Should you use submodules in Git?

When starting a larger project, there is the question of how to partition code and if submodules could help. With git, you can either put all your code in one repository or use submodules.

Benefits of a single repository

Simple
Basic git knowledge suffices for the developers
related commits to different components can be tracked under 1 feature branch and pull request
Tools work faster if they do not have to recourse through submodules

Benefits of Submodules

Keep unrelated commits out of a component's repository. Git resolves conflicts very well, but a merge without conflicts can still break the repository. That is why git merge prepares a commit for you whenever the merge is not linear (fast forwardable). For example
- A removes an "unused" function from util
- B starts to use that function in app
Reusing a component is as simple as including the components repository as submodule in another project.
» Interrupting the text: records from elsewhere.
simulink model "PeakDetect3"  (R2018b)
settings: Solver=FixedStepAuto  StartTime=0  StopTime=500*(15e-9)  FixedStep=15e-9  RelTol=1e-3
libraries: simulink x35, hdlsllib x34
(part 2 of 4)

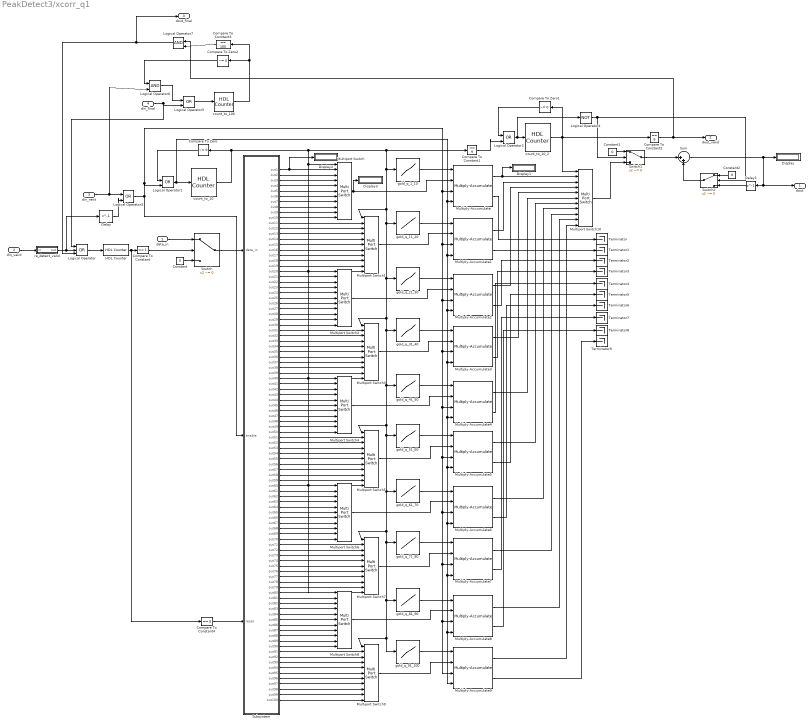
== system PeakDetect3/xcorr_q1 ==
  data_in : Inport  OutDataTypeStr=fixdt(1,16,15)
  din_valid : Inport  Port=2
  din_next : Inport  Port=3
  din_final : Inport  Port=4
  Compare To Constant : simulink/Logic and Bit Operations/Compare To Constant  relop===  const=1  OutDataTypeStr=boolean
  Compare To Constant1 : simulink/Logic and Bit Operations/Compare To Constant  relop===  const=9  OutDataTypeStr=boolean
  Compare To Constant2 : simulink/Logic and Bit Operations/Compare To Constant  relop===  const=9  OutDataTypeStr=boolean
  Compare To Constant3 : simulink/Logic and Bit Operations/Compare To Constant  relop===  const=100  OutDataTypeStr=boolean
  Compare To Constant4 : simulink/Logic and Bit Operations/Compare To Constant  relop===  const=0  OutDataTypeStr=boolean
  Compare To Zero : simulink/Logic and Bit Operations/Compare To Zero  relop=~=  OutDataTypeStr=boolean
  Compare To Zero1 : simulink/Logic and Bit Operations/Compare To Zero  relop=~=  OutDataTypeStr=boolean
  Compare To Zero2 : simulink/Logic and Bit Operations/Compare To Zero  relop=~=  OutDataTypeStr=boolean
  Constant : Constant  Value=0  OutDataTypeStr=fixdt(1,16,15)  SampleTime=-1
  Constant1 : Constant  Value=0  OutDataTypeStr=Inherit: Inherit via back propagation  SampleTime=-1
  Constant2 : Constant  Value=0  OutDataTypeStr=Inherit: Inherit via back propagation  SampleTime=-1
  Delay : Delay  DelayLength=1
  Delay1 : Delay  DelayLength=1
  Display{,1..3} (4 alike) : Display
  HDL Counter : hdlsllib/Sources/HDL Counter  CountType=Count limited  CountInit=0  CountStep=1  CountMax=2  CountFromType=Initial value  CountFrom=0  CountResetPort=off  CountLoadPort=off  CountEnbPort=on  CountDirPort=off  CountDataType=Unsigned  CountWordLen=8  CountFracLen=0  CountSampTime=1
      settings: SourceProductBaseCode=HD
  Logical Operator : Logic  Operator=OR  Inputs=3  IconShape=distinctive  AllPortsSameDT=off  OutDataTypeStr=boolean
  Logical Operator{1..3,5} (4 alike) : Logic  Operator=OR  IconShape=distinctive  AllPortsSameDT=off  OutDataTypeStr=boolean
  Logical Operator4 : Logic  Operator=NOT  IconShape=distinctive  AllPortsSameDT=off  OutDataTypeStr=boolean
  Logical Operator6 : Logic  IconShape=distinctive  AllPortsSameDT=off  OutDataTypeStr=boolean
  Logical Operator7 : Logic  IconShape=distinctive  AllPortsSameDT=off  OutDataTypeStr=boolean
  Multiply-Accumulate{,1..9} (10 alike) : hdlsllib/HDL Operations/Multiply-Accumulate  opMode=Streaming - using Start and End ports  initValueSetting=Dialog  initValue=0  initValueSetting2=Dialog  initValue2=0  initValueSetting3=Dialog  initValue3=0  num_samples=2  RndMeth2=Floor  RndMeth3=Floor  datatype2=fixdt(1,32,16)  datatype3=Inherit: Inherit via back propagation  validOut=on  endInandOut=off  startOut=off  countOut=on  dim=-1  DoSatur=off  parallel=off
      settings: SourceProductName=HDL Coder  SourceProductBaseCode=HD
  Multiport Switch{,1..9} (10 alike) : MultiPortSwitch  DataPortOrder=Zero-based contiguous  Inputs=10  zeroidx=on  OutDataTypeStr=fixdt(1,16,15)
  Multiport Switch10 : MultiPortSwitch  DataPortOrder=Zero-based contiguous  Inputs=10  zeroidx=on  OutDataTypeStr=fixdt(1,32,16)
  Subsystem : Subsystem
  Sum : Sum  Inputs=|++  OutDataTypeStr=Inherit: Inherit via back propagation
  Switch : Switch  Criteria=u2 ~= 0  OutDataTypeStr=Inherit: Inherit via back propagation
  Switch1 : Switch  Criteria=u2 ~= 0  OutDataTypeStr=Inherit: Inherit via back propagation
  Switch2 : Switch  Criteria=u2 ~= 0  OutDataTypeStr=Inherit: Inherit via back propagation
  Terminator{,1..9} (10 alike) : Terminator
  count_to_10 : hdlsllib/Sources/HDL Counter  CountType=Count limited  CountInit=0  CountStep=1  CountMax=9  CountFromType=Initial value  CountFrom=0  CountResetPort=off  CountLoadPort=off  CountEnbPort=on  CountDirPort=off  CountDataType=Unsigned  CountWordLen=4  CountFracLen=0  CountSampTime=1
      settings: SourceProductBaseCode=HD
  count_to_100 : hdlsllib/Sources/HDL Counter  CountType=Count limited  CountInit=0  CountStep=1  CountMax=100  CountFromType=Initial value  CountFrom=0  CountResetPort=off  CountLoadPort=off  CountEnbPort=on  CountDirPort=off  CountDataType=Unsigned  CountWordLen=8  CountFracLen=0  CountSampTime=1
      settings: SourceProductBaseCode=HD
  count_to_10_2 : hdlsllib/Sources/HDL Counter  CountType=Count limited  CountInit=0  CountStep=1  CountMax=9  CountFromType=Initial value  CountFrom=0  CountResetPort=off  CountLoadPort=off  CountEnbPort=on  CountDirPort=off  CountDataType=Unsigned  CountWordLen=4  CountFracLen=0  CountSampTime=1
      settings: SourceProductBaseCode=HD
  gold_q_11_20 : Lookup_n-D  NumberOfTableDimensions=1  LookupTableObject=''  BreakpointsForDimension1=uint8([0,1,2,3,4,5,6,7,8,9])  BreakpointsForDimension1FirstPoint=10  BreakpointsForDimension2FirstPoint=10  BreakpointsForDimension1Spacing=12  BreakpointsForDimension2Spacing=12  IndexSearchMethod=Evenly spaced points  Table=|  TableDataTypeStr=fixdt(1,16,15)  InterpMethod=Flat  DiagnosticForOutOfRangeInput=Error  InternalRulePriority=Speed  OutDataTypeStr=fixdt(1,16,15)  RndMeth=Simplest  InputSameDT=on
      | -1*[0.236906374990369
      | 0.265062589296935
      | 0.290853922757751
      | 0.306866645010829
      | 0.306877356493505
      | 0.282583044796408
      | 0.237895318583737
      | 0.179451570247324
      | 0.106711739895776
      | 0.0250742736874029]
  gold_q_1_10 : Lookup_n-D  NumberOfTableDimensions=1  LookupTableObject=''  BreakpointsForDimension1=uint8([0,1,2,3,4,5,6,7,8,9])  BreakpointsForDimension1FirstPoint=10  BreakpointsForDimension2FirstPoint=10  BreakpointsForDimension1Spacing=12  BreakpointsForDimension2Spacing=12  IndexSearchMethod=Evenly spaced points  Table=|  TableDataTypeStr=fixdt(1,16,15)  InterpMethod=Flat  DiagnosticForOutOfRangeInput=Error  InternalRulePriority=Speed  OutDataTypeStr=fixdt(1,16,15)  RndMeth=Simplest  InputSameDT=on
      | -1*[0.357169275362262
      | 0.373691122276015
      | 0.363136475782144
      | 0.332586509539436
      | 0.291374087870011
      | 0.249422279627694
      | 0.215579045674242
      | 0.200455944131647
      | 0.201796906991478
      | 0.213779029408702]
  gold_q_21_30 : Lookup_n-D  NumberOfTableDimensions=1  LookupTableObject=''  BreakpointsForDimension1=uint8([0,1,2,3,4,5,6,7,8,9])  BreakpointsForDimension1FirstPoint=10  BreakpointsForDimension2FirstPoint=10  BreakpointsForDimension1Spacing=12  BreakpointsForDimension2Spacing=12  IndexSearchMethod=Evenly spaced points  Table=|  TableDataTypeStr=fixdt(1,16,15)  InterpMethod=Flat  DiagnosticForOutOfRangeInput=Error  InternalRulePriority=Speed  OutDataTypeStr=fixdt(1,16,15)  RndMeth=Simplest  InputSameDT=on
      | -1*[-0.0591515848508664
      | -0.139598314313151
      | -0.210629837752387
      | -0.263713716480122
      | -0.301489962058033
      | -0.328238114626508
      | -0.340130412877520
      | -0.338689881672749
      | -0.326243180584237
      | -0.305614110780615]
  gold_q_31_40 : Lookup_n-D  NumberOfTableDimensions=1  LookupTableObject=''  BreakpointsForDimension1=uint8([0,1,2,3,4,5,6,7,8,9])  BreakpointsForDimension1FirstPoint=10  BreakpointsForDimension2FirstPoint=10  BreakpointsForDimension1Spacing=12  BreakpointsForDimension2Spacing=12  IndexSearchMethod=Evenly spaced points  Table=|  TableDataTypeStr=fixdt(1,16,15)  InterpMethod=Flat  DiagnosticForOutOfRangeInput=Error  InternalRulePriority=Speed  OutDataTypeStr=fixdt(1,16,15)  RndMeth=Simplest  InputSameDT=on
      | -1*[-0.279858098355888
      | -0.247814863771713
      | -0.225446174923891
      | -0.202743193363060
      | -0.186527042991191
      | -0.178781266249413
      | -0.180711431323688
      | -0.192575241083779
      | -0.213551675353351
      | -0.245925394077466]
  gold_q_41_50 : Lookup_n-D  NumberOfTableDimensions=1  LookupTableObject=''  BreakpointsForDimension1=uint8([0,1,2,3,4,5,6,7,8,9])  BreakpointsForDimension1FirstPoint=10  BreakpointsForDimension2FirstPoint=10  BreakpointsForDimension1Spacing=12  BreakpointsForDimension2Spacing=12  IndexSearchMethod=Evenly spaced points  Table=|  TableDataTypeStr=fixdt(1,16,15)  InterpMethod=Flat  DiagnosticForOutOfRangeInput=Error  InternalRulePriority=Speed  OutDataTypeStr=fixdt(1,16,15)  RndMeth=Simplest  InputSameDT=on
      | -1*[-0.273649789754997
      | -0.305507933389466
      | -0.332526349511340
      | -0.349961882407133
      | -0.353614169955030
      | -0.340366684130075
      | -0.308641627170326
      | -0.254460428744123
      | -0.185247665828561
      | -0.110080691949015]
  gold_q_51_60 : Lookup_n-D  NumberOfTableDimensions=1  LookupTableObject=''  BreakpointsForDimension1=uint8([0,1,2,3,4,5,6,7,8,9])  BreakpointsForDimension1FirstPoint=10  BreakpointsForDimension2FirstPoint=10  BreakpointsForDimension1Spacing=12  BreakpointsForDimension2Spacing=12  IndexSearchMethod=Evenly spaced points  Table=|  TableDataTypeStr=fixdt(1,16,15)  InterpMethod=Flat  DiagnosticForOutOfRangeInput=Error  InternalRulePriority=Speed  OutDataTypeStr=fixdt(1,16,15)  RndMeth=Simplest  InputSameDT=on
      | -1*[-0.0297558495000079
      | 0.0499350486257353
      | 0.122950591883728
      | 0.183532283875116
      | 0.226715241693549
      | 0.244522518247979
      | 0.247772413924009
      | 0.223279362418140
      | 0.176793915855740
      | 0.111355596734925]
  gold_q_61_70 : Lookup_n-D  NumberOfTableDimensions=1  LookupTableObject=''  BreakpointsForDimension1=uint8([0,1,2,3,4,5,6,7,8,9])  BreakpointsForDimension1FirstPoint=10  BreakpointsForDimension2FirstPoint=10  BreakpointsForDimension1Spacing=12  BreakpointsForDimension2Spacing=12  IndexSearchMethod=Evenly spaced points  Table=|  TableDataTypeStr=fixdt(1,16,15)  InterpMethod=Flat  DiagnosticForOutOfRangeInput=Error  InternalRulePriority=Speed  OutDataTypeStr=fixdt(1,16,15)  RndMeth=Simplest  InputSameDT=on
      | -1*[0.0312880626224120
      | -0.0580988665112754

The entire history will be there, bugs fixed in that new project will be fixed for all uses of that component.
Each repository is very small, which makes working with the repository faster. (But work on the entire project of multiple submodules becomes slower)
Enforces good architecture

Requirements to use submodules

Using submodules will work well for:

Third Party code
Non Code (Requirements documentation, test logs, build tools, ...)
well encapsulated components which:
- deal with 1 well defined responsibility
- contain documentation: a README.md file which tells what this submodule represents, how the file tree is structured, How to build it, external dependencies, ...
- contain tests: The tests serve both as verification to create trust in the component as well as the most precise documentation by giving functional examples which are never out of date / unmaintained.
- have a clear interface towards:
  - Software: A set of well documented functions that are usable by dependant code.
  - Tooling: A configuration for the build/bundle tool (Makefile, CMakeLists.txt, setup.py, ...)
All of these can be expected of a well designed software component anyway.
Changes to multiple submodules must be rare.
- Touching 2 submodules will happen, when new functionality is added to a library L and later used by a dependant library or application D. When functionality is added, new L is a drop in replacement for old L.
Is released in versions. When the submodule changes, the commit message should be Bump BSP to v2.3.9 instead of use newest BSP.

Indicators when not to use submodules

your architecture will likely change
your project is not that large
The components are not that useful outside of that project.
The code of the submodule can not be compiled into a library easily.

So . . .

It must be mentioned, that the Linux kernel developers created git based on their experience creating the kernel and they do not use submodules. They manage twenty different architectures and hundreds of drivers and modules in one single repository. But then, the kernel is a very different kind of project, compared with whatever you are planning.

If the use of submodules seems to create extra work this can be viewed to some extend as effort that would be needed later, when untangling a component for reuse in a different project. If your pull requests in one repository stall because of other pull requests in other repositories, those two components should probably be developed in the same repository (for a while?).

My recommendation is to start with 1 repository and whenever a component appears as a good submodule candidate, extract it into one.